I was thinking about putting the database into a dictionary. I need the fastest performance I can get. Currently the ado.net takes about 1 to 2 milliseconds but something happens that causes a bottleneck.

Is there anything wrong with the below syntax for the 10k queries per second? is a dictionary going to work? we are talking about 12 million records and I need to be able to search it within 1 to 5 milliseconds. I also have another collection in the database that has 50 million records so I'm not sure how to store it. any suggestions will be great.
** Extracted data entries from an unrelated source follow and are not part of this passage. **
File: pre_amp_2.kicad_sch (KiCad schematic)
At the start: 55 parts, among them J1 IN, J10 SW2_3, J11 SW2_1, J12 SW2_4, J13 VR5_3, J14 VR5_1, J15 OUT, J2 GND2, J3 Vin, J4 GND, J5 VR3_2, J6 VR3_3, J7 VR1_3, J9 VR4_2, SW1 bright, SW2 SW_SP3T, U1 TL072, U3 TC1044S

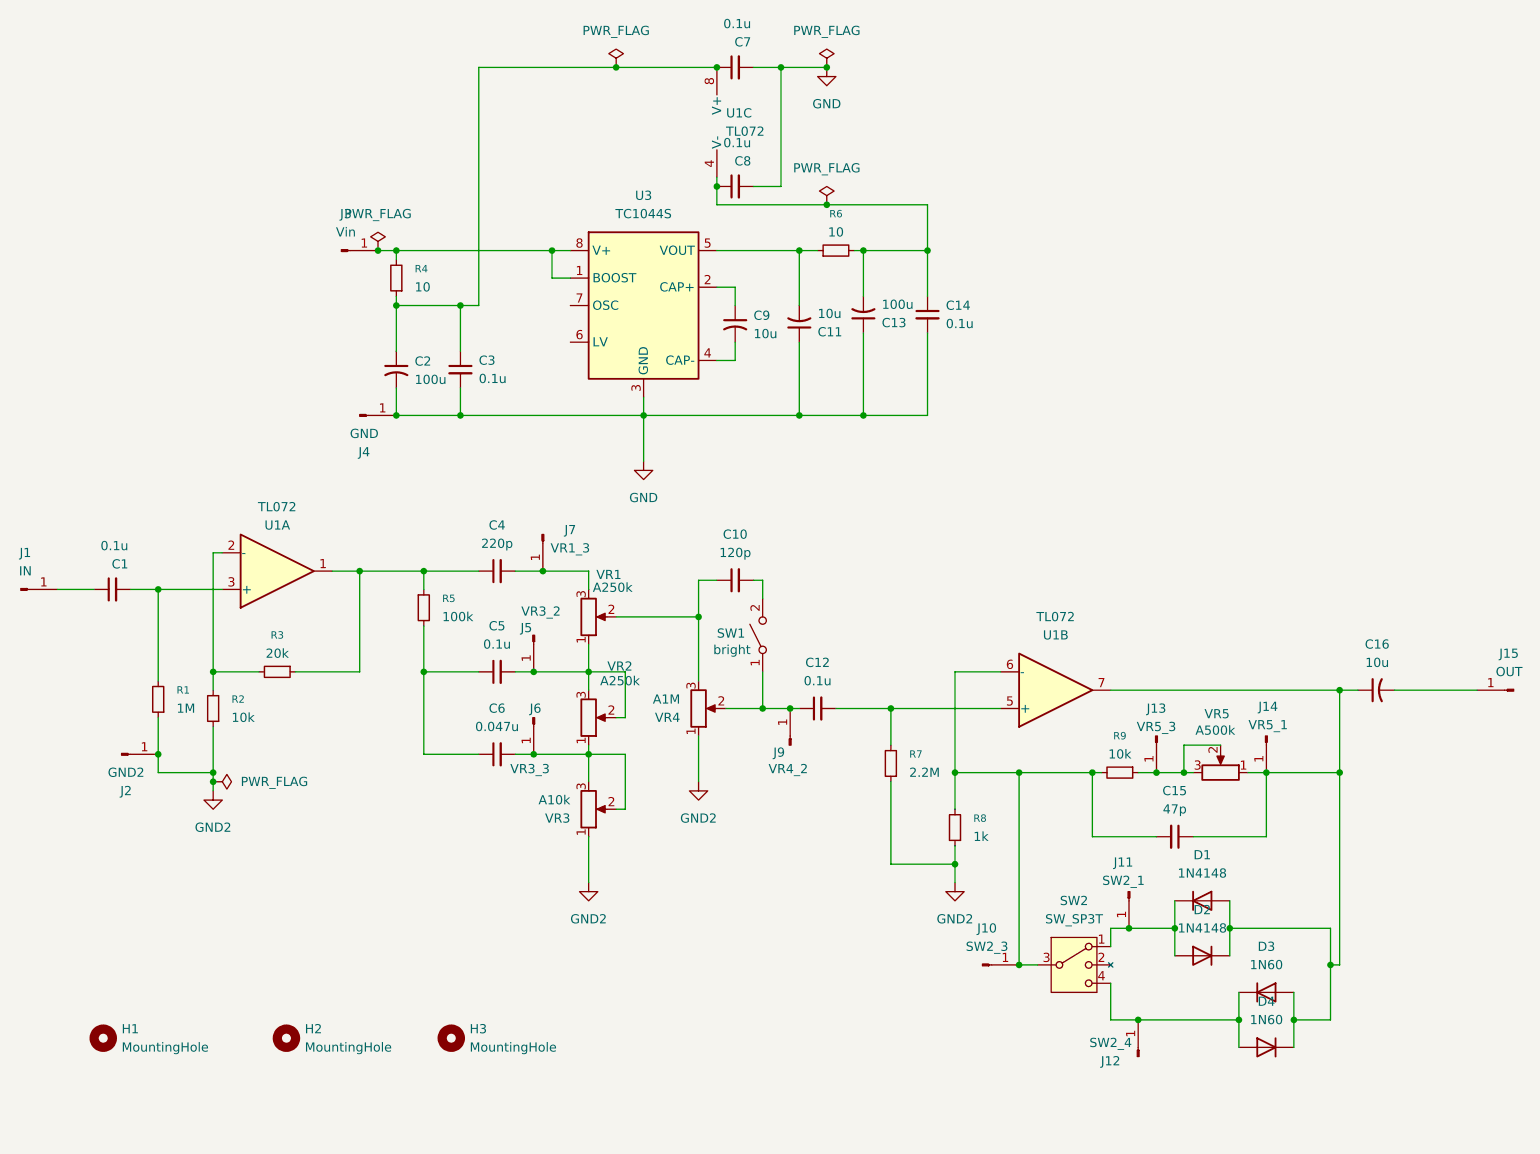
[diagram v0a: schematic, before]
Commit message: 67番ピンに330pを追加、ICパッケージのすぐ横に付ける
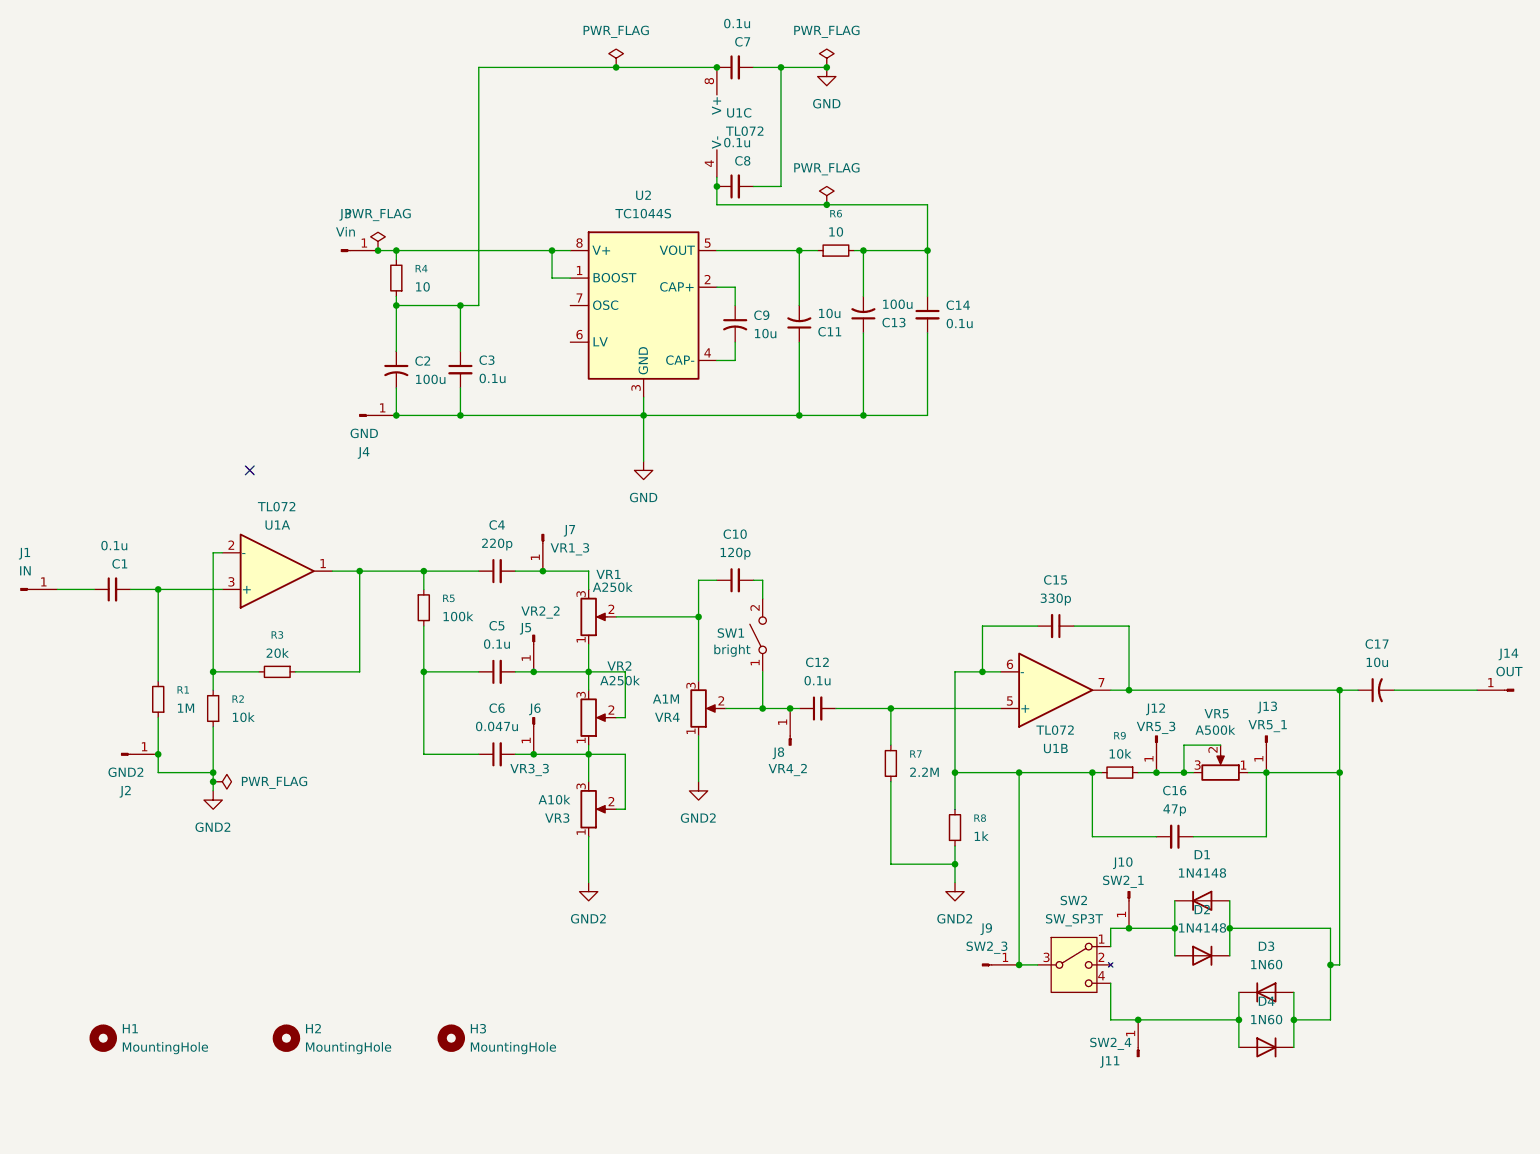
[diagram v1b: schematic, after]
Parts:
- added C15: 330p, symbol Device:C_Small
- J5: value VR3_2 -> VR2_2
- renumbered C15 to C16, C16 to C17, J11 to J10, J12 to J11, J13 to J12, J14 to J13, J15 to J14, J9 to J8, J10 to J9, U3 to U2
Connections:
- net at C16.1, C17.1, D1.2 (A)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: now also C15.1
- net at C16.2, J9.1 (Pin_1), R8.2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: now also C15.2
- no-connect marks 0 -> 1
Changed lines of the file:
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@@
 	)
 	(junction
+		(at 162.56 102.87)
+		(diameter 0)
+		(color 0 0 0 0)
+	)
+	(junction
 		(at 196.85 138.43)
 		(diameter 0)
@@
 	)
 	(junction
+		(at 182.88 105.41)
+		(diameter 0)
+		(color 0 0 0 0)
+	)
+	(junction
 		(at 140.97 19.05)
 		(diameter 0)
@@
 		(color 0 0 0 0)
 	)
+	(no_connect
+		(at 60.96 74.93)
+	)
 	(wire
 		(pts
@@
 	(wire
 		(pts
+			(xy 182.88 105.41) (xy 212.09 105.41)
+		)
+		(stroke
+			(width 0)
+			(type default)
+		)
+	)
+	(wire
+		(pts
 			(xy 81.28 63.5) (xy 81.28 67.31)
 		)
@@
 	(wire
 		(pts
+			(xy 162.56 96.52) (xy 162.56 102.87)
+		)
+		(stroke
+			(width 0)
+			(type default)
+		)
+	)
+	(wire
+		(pts
 			(xy 177.8 116.84) (xy 179.07 116.84)
 		)
@@
 	(wire
 		(pts
-			(xy 158.75 102.87) (xy 165.1 102.87)
+			(xy 158.75 102.87) (xy 162.56 102.87)
+		)
+		(stroke
+			(width 0)
+			(type default)
+		)
+	)
+	(wire
+		(pts
+			(xy 182.88 96.52) (xy 182.88 105.41)
+		)
+		(stroke
+			(width 0)
+			(type default)
+		)
+	)
+	(wire
+		(pts
+			(xy 162.56 102.87) (xy 165.1 102.87)
 		)
 		(stroke
@@
 	(wire
 		(pts
+			(xy 175.26 96.52) (xy 182.88 96.52)
+		)
+		(stroke
+			(width 0)
+			(type default)
+		)
+	)
+	(wire
+		(pts
 			(xy 125.73 44.45) (xy 137.16 44.45)
 		)
@@
 	(wire
 		(pts
+			(xy 170.18 96.52) (xy 162.56 96.52)
+		)
+		(stroke
+			(width 0)
+			(type default)
+		)
+	)
+	(wire
+		(pts
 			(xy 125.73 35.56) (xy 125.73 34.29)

The SQL db has 128 gb memory and 80 processors and the app is on the same server on the Sql server 2012

   using (SqlConnection sqlconn = new SqlConnection(sqlConnection.SqlConnectionString()))
   {
       using (SqlCommand sqlcmd = new SqlCommand("", sqlconn))
       {
           sqlcmd.CommandType = System.Data.CommandType.StoredProcedure;
           sqlcmd.Parameters.Clear();
           sqlcmd.CommandTimeout = 1;
           sqlconn.Open();
           using (SqlDataReader sqlDR = sqlcmd.ExecuteReader(CommandBehavior.CloseConnection))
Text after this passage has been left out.